As the World Bank pointed out in it’s December (2008) China Quarterly:
“Despite export volume weakness, China’s current account surplus is likely to increase further in 2009 due to the lower raw commodity prices. Even as import volumes are likely to outpace export volumes significantly, the large improvement in the terms of trade due to lower primary commodity prices is set to boost the current account surplus to almost US$ 430 billion, or 9 percent of GDP, in 2009”
As the world plunges into the trough of the worst recession post-WWII, China’s record external reserves will rise, even as it joins the other Members of the G‑7 in stimulus spending of about $US585bn over the next two years.
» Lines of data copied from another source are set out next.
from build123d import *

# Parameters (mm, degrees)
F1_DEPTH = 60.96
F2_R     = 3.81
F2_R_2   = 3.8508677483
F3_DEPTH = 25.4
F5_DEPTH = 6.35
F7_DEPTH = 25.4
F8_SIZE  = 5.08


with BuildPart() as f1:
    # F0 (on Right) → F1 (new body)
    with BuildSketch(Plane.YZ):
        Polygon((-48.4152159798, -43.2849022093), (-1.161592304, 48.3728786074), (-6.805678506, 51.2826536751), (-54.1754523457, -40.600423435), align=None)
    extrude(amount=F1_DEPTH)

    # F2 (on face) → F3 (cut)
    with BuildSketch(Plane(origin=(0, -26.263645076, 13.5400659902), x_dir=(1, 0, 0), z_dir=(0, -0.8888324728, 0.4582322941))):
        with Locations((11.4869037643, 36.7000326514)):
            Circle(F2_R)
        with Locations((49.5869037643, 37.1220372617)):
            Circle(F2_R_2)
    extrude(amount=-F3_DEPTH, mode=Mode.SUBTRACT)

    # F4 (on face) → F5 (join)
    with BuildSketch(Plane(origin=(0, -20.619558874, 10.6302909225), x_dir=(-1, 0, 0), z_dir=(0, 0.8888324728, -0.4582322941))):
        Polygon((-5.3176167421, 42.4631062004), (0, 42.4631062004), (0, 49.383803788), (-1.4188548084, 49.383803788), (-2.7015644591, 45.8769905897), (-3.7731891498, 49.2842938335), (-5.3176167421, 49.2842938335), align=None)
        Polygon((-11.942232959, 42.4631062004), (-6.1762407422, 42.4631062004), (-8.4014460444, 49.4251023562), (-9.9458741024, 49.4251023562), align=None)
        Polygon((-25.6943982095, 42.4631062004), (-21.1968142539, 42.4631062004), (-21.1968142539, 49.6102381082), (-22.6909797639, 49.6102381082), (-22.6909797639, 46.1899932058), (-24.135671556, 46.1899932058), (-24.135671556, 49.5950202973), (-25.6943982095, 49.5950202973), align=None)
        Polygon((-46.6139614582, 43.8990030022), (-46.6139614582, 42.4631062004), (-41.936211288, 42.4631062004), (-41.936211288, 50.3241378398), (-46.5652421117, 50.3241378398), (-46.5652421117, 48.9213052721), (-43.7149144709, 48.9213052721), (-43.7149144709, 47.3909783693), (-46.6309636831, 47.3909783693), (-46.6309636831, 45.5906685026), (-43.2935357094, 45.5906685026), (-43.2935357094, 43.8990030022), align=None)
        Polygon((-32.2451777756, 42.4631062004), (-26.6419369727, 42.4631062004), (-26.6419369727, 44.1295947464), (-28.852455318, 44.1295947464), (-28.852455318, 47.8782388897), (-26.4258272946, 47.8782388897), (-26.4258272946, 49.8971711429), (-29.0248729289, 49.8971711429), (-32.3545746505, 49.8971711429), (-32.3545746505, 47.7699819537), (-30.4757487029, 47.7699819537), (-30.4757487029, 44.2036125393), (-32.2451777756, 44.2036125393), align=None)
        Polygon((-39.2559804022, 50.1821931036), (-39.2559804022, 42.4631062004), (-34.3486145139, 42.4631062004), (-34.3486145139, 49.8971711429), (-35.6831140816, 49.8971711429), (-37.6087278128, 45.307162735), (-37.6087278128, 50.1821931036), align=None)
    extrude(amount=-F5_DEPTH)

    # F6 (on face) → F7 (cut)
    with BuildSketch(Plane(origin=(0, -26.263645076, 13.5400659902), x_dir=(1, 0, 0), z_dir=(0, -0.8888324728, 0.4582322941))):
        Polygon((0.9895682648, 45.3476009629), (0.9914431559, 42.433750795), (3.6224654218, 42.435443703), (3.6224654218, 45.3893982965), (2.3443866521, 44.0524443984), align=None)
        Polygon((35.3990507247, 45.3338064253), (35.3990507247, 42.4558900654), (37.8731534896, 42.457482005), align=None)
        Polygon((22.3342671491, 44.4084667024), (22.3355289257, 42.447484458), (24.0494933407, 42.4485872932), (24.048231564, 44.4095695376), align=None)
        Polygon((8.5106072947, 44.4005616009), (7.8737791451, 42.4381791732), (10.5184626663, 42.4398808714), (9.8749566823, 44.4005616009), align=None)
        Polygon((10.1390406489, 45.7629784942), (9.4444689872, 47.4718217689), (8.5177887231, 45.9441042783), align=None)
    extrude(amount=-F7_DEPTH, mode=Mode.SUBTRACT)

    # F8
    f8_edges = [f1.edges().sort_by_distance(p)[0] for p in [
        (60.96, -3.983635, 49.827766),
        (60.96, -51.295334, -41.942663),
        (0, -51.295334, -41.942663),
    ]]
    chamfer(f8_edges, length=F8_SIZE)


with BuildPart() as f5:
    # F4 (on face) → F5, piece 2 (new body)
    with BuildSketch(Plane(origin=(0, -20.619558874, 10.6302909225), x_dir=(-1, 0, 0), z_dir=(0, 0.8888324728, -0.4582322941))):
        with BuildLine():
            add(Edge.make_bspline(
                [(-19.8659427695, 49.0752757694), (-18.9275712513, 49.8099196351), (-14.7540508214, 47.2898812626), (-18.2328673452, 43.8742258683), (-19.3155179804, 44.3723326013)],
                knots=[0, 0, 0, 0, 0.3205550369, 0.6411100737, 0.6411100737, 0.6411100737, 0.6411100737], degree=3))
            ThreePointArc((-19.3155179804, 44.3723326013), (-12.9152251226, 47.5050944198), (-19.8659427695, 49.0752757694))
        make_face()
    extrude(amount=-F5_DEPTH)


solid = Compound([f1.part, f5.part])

|China’s External Balances|
|Curr acct balance (US$ bln)||161||250||372||386||427|
|As share of GDP (%)||7.1||9.5||11.3||9.3||8.9|
|Capital account balance||47||-3||90||130||70|
|Growth in reserves||207||247||462||517||502|
|Foreign exch. reserves (US$ bln)||819||1066||1528||2045||2547|
|Source: World Bank. *=projections|
Of course the Chinese exchange rate is appreciating under tight control (it has risen about 25 points since 2005), which goes some way to raising imports and contributing to global reflation (but not far enough to shift long-term growth patterns away from capital accumulation to consumption).
The Renminbi appreciation, however, has the impact of making the minerals shopping spree more affordable (in Rmb. terms)!